While you’re breastfeeding, it’s important to eat a balanced diet for the health of both you and your baby. Here are eating tips for nursing moms:

• Go for energy. Don’t consume fewer than 1,800 calories a day while breastfeeding (which should be easy; breastfeeding makes you really hungry). An intake of 1,800 to 2,200 calories is a good amount for most women with an average activity level to maintain an abundant milk supply. The more frequently you breastfeed and the fewer body fat stores you have, the more calories you’ll need.

• Focus on protein and fats. Both of these nutrients will stabilize your blood-sugar levels and give your body sustained energy for milk making.

• Choose healthy carbs. Incorporate whole grains into your diet as much as possible. Eat whole-grain breads, and cereals like oats, barley, wheat, millet, and rye. Also try some less common grains, such as that from the herb quinoa (a good source of calcium) and spelt.

• Get calcium. The saying “You need to drink milk to make milk” simply isn’t true. In fact, many moms who are not of European descent are allergic to cow’s milk and develop gas, bloating, and diarrhea from drinking it. That said, three to four servings of dairy products a day will help provide both calcium and protein. But for substitutes, consider fortified soy, rice, or almond milk; orange juice with added calcium; leafy greens; canned salmon; and fresh tofu.

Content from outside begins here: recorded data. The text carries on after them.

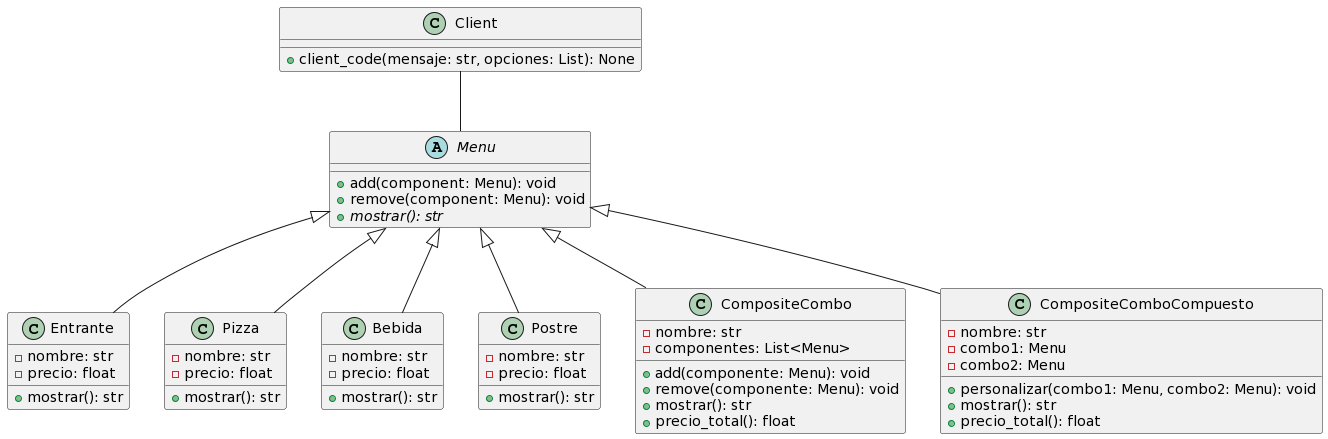

The diagram above was rendered by PlantUML. Its source (embedded in the PNG):
@startuml
' Abstract class
abstract class Menu {
  + add(component: Menu): void
  + remove(component: Menu): void
  {abstract} + mostrar(): str
}

' Leaf classes
class Entrante {
  - nombre: str
  - precio: float
  + mostrar(): str
}

class Pizza {
  - nombre: str
  - precio: float
  + mostrar(): str
}

class Bebida {
  - nombre: str
  - precio: float
  + mostrar(): str
}

class Postre {
  - nombre: str
  - precio: float
  + mostrar(): str
}

' Composite classes
class CompositeCombo {
  - nombre: str
  - componentes: List<Menu>
  + add(componente: Menu): void
  + remove(componente: Menu): void
  + mostrar(): str
  + precio_total(): float
}

class CompositeComboCompuesto {
  - nombre: str
  - combo1: Menu
  - combo2: Menu
  + personalizar(combo1: Menu, combo2: Menu): void
  + mostrar(): str
  + precio_total(): float
}

' Client class
class Client {
  + client_code(mensaje: str, opciones: List): None
}

Menu <|-- Entrante
Menu <|-- Pizza
Menu <|-- Bebida
Menu <|-- Postre

Menu <|-- CompositeCombo
Menu <|-- CompositeComboCompuesto

Client -- Menu
@enduml

• Keep hydrated. Most moms get very thirsty while they’re nursing, so it makes sense to keep a jug of water with a straw on the table beside your favorite nursing place. Water is healthier for you than soda, because carbonated beverages contain chemicals that impede your calcium absorption. Alcoholic beverages dehydrate you and can cause a reduction in your milk supply by interfering with letdown. Studies show that babies drink less milk if their mothers have recently consumed alcohol, and tend to wake up more. A mother who drinks large amounts of alcohol can cause her baby to be sluggish or drowsy, which could interfere with her ability to nurse.

• Test for reactions. If your baby gets gassy and seems very uncomfortable while nursing, it may be a reaction to something that you’ve eaten in the past 24 hours. Keep a food journal to try to identify problematic foods. Cabbage, broccoli, milk, soy foods, and peanuts are common culprits.

Drugs and breastmilk

Before you take any medications or herbal supplements, make sure your health-care provider knows that you are breastfeeding. Most drugs taken by mothers pass to their babies through their milk, but usually in very small doses—less than 1 percent of what the mothers take. Most drugs are quite safe to use while breastfeeding; the risk of formula feeding almost always poses a greater risk to an infant.

The exception is certain radioactive compounds, and very harmful drugs such as heroin and methamphetamine. In most cases, if a drug has reported side effects for nursing babies, there’s usually an alternative available. If you have a choice, opt for a medication that’s been around for a while and has published data over one that is new to the market. Always use the minimal amount you need and follow dosage instructions.

If there is not enough information on the safety of a specific drug, your caregiver may be able to substitute another drug that will work equally as well and that is known to be safe.

  Tip

If you need medication, consult a pharmacist as to whether a drug you plan to take will be safe for your nursing baby. There are also numerous Web sites that list drugs and whether they are safe for babies. La Leche League International can suggest good sources for further information on breastfeeding and drugs.

Your baby’s age may be an important factor in determining the safety of the drugs you take when breastfeeding. A premature baby, for example, may be vulnerable to even trace amounts of drugs in breastmilk, while an older baby or toddler will have more mature liver and kidney functioning to help him to process and eliminate drugs from him system.

Sometimes mothers and their health-care providers have to weigh a mother’s requirement for medication and the rare, or slight, possibility of side effects for the baby against the value of providing the baby with the excellent immune and health benefits of human milk.

Generally speaking, if a drug is available in a formulation for children, it is likely to be safe to take while breastfeeding.